◆ ASSIGNED TASK ◆
Could you copy out every line of the data where the word "ezdxf" occurs?

Extracted records
»»
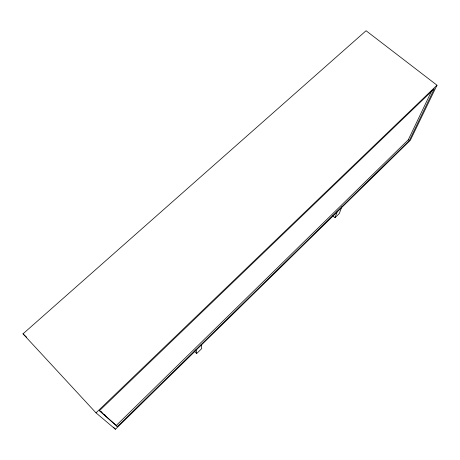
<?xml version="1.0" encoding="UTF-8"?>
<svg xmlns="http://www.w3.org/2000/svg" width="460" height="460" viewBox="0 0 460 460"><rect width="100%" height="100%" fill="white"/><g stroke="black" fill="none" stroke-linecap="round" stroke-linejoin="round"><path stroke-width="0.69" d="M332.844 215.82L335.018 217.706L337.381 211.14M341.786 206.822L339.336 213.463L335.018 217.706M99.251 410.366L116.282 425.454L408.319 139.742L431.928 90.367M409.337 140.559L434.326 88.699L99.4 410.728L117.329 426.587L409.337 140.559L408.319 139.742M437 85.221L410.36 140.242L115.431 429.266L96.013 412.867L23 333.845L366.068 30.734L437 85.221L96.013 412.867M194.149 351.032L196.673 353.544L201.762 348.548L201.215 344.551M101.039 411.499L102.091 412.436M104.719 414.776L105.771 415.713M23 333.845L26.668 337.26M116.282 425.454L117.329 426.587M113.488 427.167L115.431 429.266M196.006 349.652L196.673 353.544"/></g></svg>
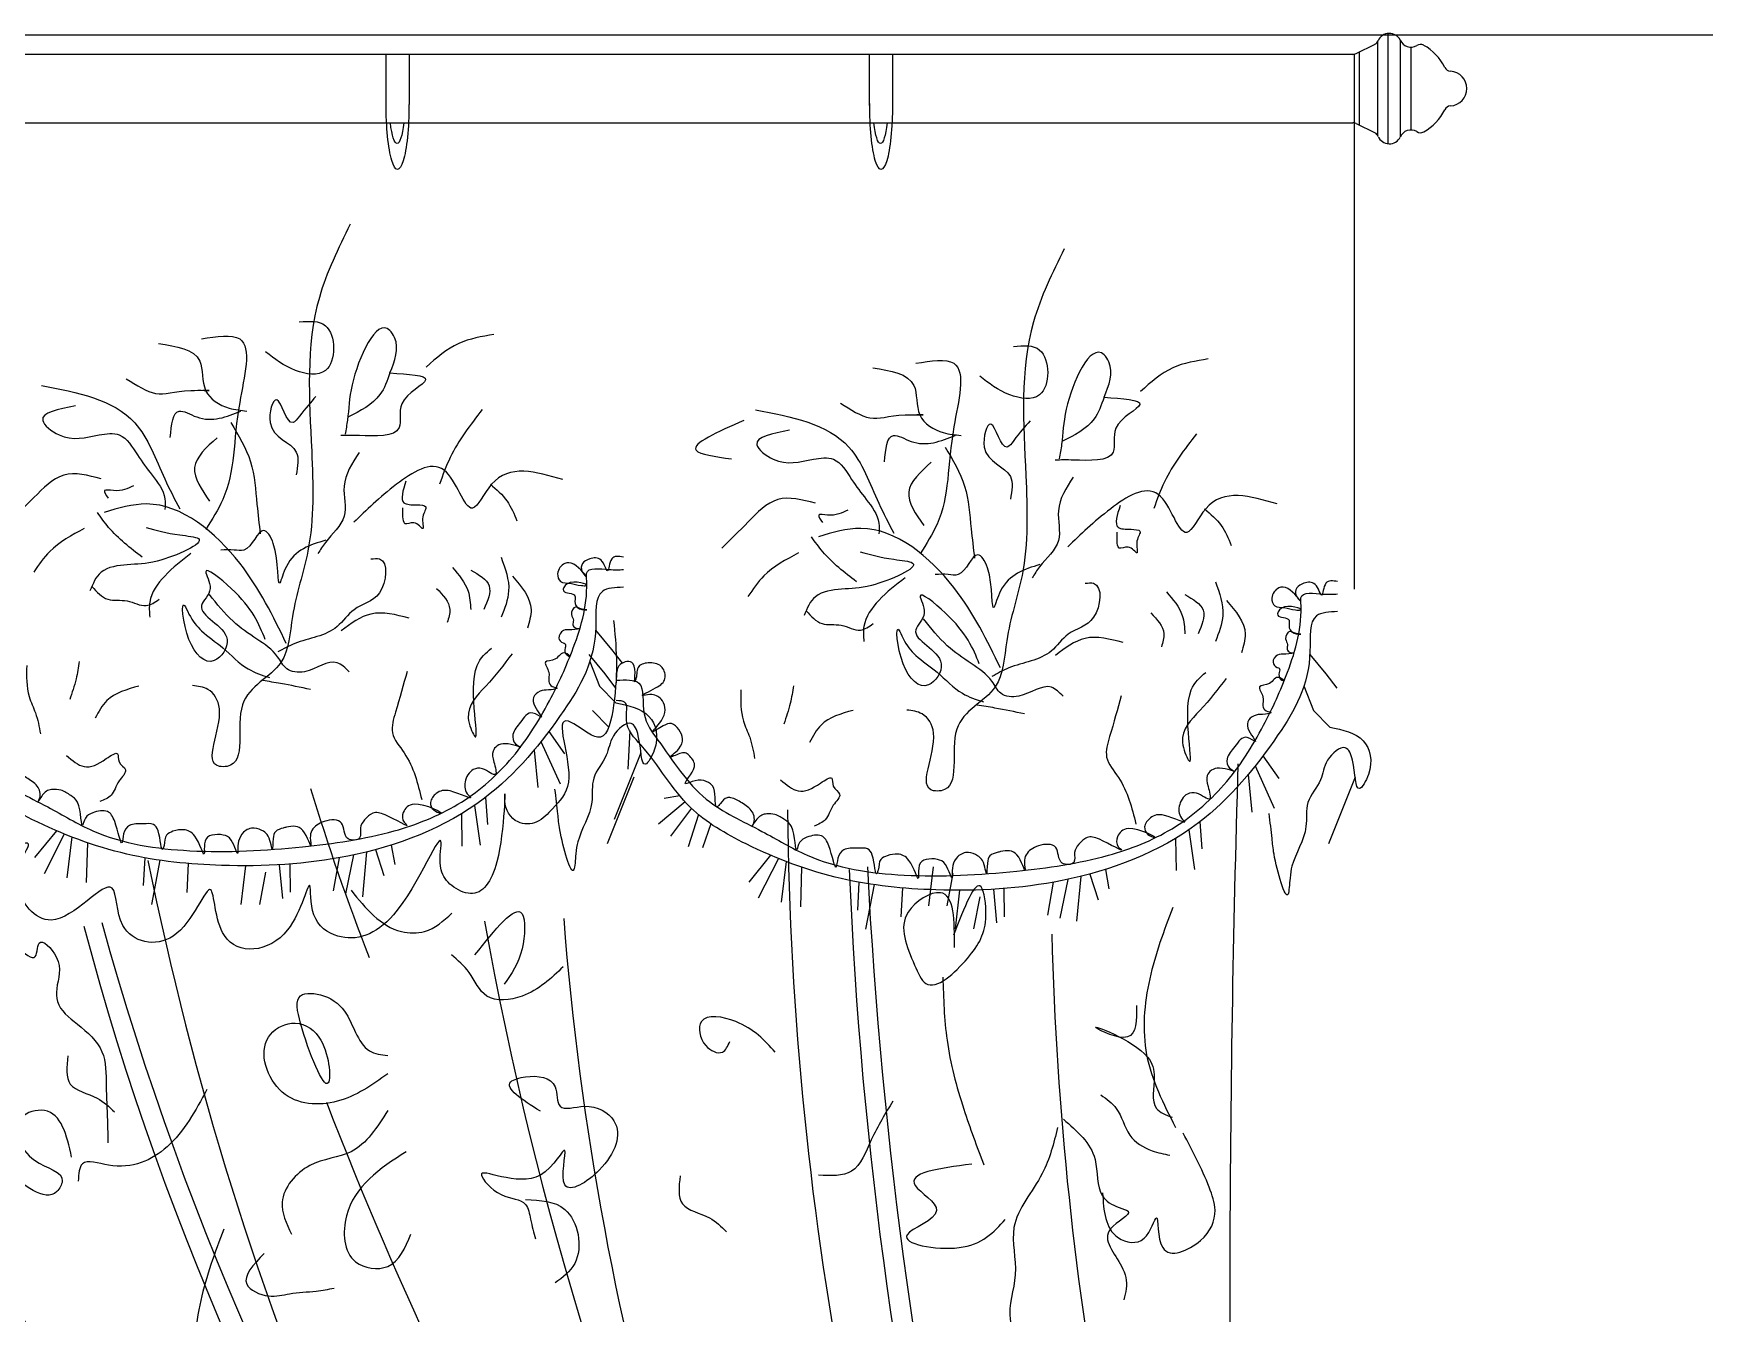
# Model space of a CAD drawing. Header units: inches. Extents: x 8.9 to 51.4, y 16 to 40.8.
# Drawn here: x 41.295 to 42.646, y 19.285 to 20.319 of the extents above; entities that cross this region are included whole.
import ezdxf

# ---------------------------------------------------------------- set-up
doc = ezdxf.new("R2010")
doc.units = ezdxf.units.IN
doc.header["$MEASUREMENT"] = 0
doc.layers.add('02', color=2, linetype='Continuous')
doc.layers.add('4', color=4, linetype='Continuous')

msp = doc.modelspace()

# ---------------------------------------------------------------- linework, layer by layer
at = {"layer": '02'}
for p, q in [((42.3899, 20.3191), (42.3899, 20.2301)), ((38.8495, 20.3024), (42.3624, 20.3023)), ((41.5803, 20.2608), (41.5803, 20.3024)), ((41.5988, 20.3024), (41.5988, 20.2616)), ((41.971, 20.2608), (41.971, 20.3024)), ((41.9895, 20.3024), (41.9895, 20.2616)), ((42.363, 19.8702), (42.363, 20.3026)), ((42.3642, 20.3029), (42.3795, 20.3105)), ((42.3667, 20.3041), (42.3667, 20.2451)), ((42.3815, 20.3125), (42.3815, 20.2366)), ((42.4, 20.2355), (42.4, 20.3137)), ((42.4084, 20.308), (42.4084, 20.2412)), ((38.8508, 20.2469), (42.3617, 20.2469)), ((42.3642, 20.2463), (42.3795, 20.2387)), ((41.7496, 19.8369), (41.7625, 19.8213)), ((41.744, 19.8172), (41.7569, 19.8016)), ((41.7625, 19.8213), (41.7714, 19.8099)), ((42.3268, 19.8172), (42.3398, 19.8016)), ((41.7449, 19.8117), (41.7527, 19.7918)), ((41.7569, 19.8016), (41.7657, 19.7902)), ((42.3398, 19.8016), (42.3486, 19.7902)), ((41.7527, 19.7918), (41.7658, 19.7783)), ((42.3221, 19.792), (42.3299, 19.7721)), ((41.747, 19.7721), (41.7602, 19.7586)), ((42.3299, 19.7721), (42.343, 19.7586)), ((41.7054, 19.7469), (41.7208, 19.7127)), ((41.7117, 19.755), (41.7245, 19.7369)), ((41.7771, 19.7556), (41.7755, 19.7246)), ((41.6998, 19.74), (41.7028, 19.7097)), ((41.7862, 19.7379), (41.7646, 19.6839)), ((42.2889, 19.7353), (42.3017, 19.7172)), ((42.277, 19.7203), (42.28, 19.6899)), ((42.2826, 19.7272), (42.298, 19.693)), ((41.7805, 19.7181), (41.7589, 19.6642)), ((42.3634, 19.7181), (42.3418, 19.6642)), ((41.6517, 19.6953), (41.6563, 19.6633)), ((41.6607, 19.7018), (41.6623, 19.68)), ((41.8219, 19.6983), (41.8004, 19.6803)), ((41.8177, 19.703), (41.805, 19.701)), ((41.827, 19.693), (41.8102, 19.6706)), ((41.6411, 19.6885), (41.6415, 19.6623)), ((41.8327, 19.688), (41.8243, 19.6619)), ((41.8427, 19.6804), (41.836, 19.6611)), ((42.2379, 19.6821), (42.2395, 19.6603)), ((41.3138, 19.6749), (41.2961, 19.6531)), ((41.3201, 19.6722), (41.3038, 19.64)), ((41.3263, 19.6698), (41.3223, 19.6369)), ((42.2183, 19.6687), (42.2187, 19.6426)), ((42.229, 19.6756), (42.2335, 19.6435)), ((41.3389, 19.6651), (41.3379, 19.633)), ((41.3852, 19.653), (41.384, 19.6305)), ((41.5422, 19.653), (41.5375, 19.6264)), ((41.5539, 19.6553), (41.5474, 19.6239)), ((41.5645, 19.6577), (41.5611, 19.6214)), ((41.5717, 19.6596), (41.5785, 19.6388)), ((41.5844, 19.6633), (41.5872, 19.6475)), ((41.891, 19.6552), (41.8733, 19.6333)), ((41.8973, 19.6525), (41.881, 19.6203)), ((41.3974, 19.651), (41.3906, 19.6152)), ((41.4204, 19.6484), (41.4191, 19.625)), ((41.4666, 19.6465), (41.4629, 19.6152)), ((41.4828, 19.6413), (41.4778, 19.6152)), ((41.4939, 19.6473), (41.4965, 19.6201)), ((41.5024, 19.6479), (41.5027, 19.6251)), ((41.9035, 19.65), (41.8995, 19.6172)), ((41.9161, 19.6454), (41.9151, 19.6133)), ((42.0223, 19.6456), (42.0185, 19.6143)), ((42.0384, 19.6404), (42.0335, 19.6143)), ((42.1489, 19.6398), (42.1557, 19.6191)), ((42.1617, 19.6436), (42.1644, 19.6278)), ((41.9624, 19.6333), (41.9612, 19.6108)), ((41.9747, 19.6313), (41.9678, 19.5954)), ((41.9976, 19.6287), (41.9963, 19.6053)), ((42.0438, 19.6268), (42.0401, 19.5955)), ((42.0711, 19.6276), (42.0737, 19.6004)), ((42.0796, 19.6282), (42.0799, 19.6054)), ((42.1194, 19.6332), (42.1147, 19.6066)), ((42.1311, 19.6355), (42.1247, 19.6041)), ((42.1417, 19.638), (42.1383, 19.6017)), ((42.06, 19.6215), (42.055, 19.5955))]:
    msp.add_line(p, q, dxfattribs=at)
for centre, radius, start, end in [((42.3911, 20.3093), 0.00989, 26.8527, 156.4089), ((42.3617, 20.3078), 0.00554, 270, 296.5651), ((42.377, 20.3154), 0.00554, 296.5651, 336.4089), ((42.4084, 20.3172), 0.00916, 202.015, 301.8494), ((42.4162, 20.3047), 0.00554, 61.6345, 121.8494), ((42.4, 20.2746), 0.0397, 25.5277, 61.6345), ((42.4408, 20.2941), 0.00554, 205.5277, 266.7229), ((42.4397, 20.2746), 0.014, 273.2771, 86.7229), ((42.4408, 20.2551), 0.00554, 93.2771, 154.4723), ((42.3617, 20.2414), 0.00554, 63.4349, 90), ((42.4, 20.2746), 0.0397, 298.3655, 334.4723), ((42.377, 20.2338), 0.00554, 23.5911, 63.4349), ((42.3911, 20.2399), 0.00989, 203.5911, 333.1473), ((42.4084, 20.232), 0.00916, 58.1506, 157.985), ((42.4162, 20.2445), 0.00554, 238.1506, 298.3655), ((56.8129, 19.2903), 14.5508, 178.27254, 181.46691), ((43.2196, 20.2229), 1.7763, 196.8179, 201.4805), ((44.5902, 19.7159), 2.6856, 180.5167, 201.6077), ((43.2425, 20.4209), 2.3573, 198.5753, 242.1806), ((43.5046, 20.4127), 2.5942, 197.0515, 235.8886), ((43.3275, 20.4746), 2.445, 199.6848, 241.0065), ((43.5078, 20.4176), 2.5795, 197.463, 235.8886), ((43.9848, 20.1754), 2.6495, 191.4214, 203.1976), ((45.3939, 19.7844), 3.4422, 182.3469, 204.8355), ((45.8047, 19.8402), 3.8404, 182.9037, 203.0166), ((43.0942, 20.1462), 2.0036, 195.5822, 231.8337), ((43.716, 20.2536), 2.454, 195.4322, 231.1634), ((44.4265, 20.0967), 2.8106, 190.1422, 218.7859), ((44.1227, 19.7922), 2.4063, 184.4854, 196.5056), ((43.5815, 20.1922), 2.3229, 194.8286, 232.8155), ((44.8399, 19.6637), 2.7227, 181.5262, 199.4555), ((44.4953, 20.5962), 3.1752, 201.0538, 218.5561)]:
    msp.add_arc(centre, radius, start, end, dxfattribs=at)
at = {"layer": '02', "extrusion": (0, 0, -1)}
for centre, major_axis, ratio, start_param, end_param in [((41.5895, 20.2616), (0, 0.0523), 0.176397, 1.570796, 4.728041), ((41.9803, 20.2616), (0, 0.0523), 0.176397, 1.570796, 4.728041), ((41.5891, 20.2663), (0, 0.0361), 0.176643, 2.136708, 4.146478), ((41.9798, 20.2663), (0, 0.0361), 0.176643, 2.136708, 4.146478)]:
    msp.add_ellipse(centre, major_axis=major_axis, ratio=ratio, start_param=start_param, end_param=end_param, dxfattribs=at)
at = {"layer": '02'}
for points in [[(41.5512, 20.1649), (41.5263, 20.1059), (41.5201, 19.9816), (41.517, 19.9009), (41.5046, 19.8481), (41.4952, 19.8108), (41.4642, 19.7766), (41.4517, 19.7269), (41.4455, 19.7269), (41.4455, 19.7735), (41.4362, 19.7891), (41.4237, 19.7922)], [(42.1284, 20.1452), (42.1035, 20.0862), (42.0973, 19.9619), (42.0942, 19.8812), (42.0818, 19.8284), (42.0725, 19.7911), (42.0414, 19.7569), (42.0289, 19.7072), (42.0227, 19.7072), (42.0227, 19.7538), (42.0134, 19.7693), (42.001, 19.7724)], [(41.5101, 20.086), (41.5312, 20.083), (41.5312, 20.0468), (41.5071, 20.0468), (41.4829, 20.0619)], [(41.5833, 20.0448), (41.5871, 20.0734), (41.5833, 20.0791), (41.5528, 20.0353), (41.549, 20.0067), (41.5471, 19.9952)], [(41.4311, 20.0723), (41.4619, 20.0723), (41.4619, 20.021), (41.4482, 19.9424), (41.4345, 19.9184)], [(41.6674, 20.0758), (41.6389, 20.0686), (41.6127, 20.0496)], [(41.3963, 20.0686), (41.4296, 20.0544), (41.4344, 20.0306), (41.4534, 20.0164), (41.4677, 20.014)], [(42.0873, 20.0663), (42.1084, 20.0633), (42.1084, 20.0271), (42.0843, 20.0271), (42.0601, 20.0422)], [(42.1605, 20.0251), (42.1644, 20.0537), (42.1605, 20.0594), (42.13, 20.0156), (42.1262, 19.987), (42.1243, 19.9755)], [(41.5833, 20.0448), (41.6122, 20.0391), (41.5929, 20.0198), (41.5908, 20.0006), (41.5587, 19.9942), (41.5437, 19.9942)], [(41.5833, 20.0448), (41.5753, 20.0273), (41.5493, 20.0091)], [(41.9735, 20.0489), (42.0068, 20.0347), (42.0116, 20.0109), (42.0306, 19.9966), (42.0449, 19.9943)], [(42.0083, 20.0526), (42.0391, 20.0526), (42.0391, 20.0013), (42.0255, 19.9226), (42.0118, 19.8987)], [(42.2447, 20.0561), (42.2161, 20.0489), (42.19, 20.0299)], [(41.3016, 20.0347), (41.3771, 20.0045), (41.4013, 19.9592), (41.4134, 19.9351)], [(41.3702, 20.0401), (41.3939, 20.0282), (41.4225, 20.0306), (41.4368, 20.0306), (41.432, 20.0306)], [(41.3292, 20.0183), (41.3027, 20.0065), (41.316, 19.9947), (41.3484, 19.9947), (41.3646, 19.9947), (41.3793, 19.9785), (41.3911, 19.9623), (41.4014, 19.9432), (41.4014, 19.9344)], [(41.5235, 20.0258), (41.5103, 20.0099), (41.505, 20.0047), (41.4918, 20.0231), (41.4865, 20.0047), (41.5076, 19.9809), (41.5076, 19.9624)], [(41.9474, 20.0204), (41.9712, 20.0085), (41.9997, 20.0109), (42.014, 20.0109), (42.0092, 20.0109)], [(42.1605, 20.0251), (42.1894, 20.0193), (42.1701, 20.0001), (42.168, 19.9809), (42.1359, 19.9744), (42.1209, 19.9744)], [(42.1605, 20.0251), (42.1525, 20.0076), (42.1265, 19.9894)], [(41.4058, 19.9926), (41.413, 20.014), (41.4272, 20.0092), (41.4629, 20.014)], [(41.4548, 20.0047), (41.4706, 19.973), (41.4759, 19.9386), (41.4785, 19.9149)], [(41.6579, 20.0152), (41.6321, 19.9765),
««
◆ RESPONSE TO THIS TASK ◆
import ezdxf
doc = ezdxf.new("R2010")
doc.units = ezdxf.units.IN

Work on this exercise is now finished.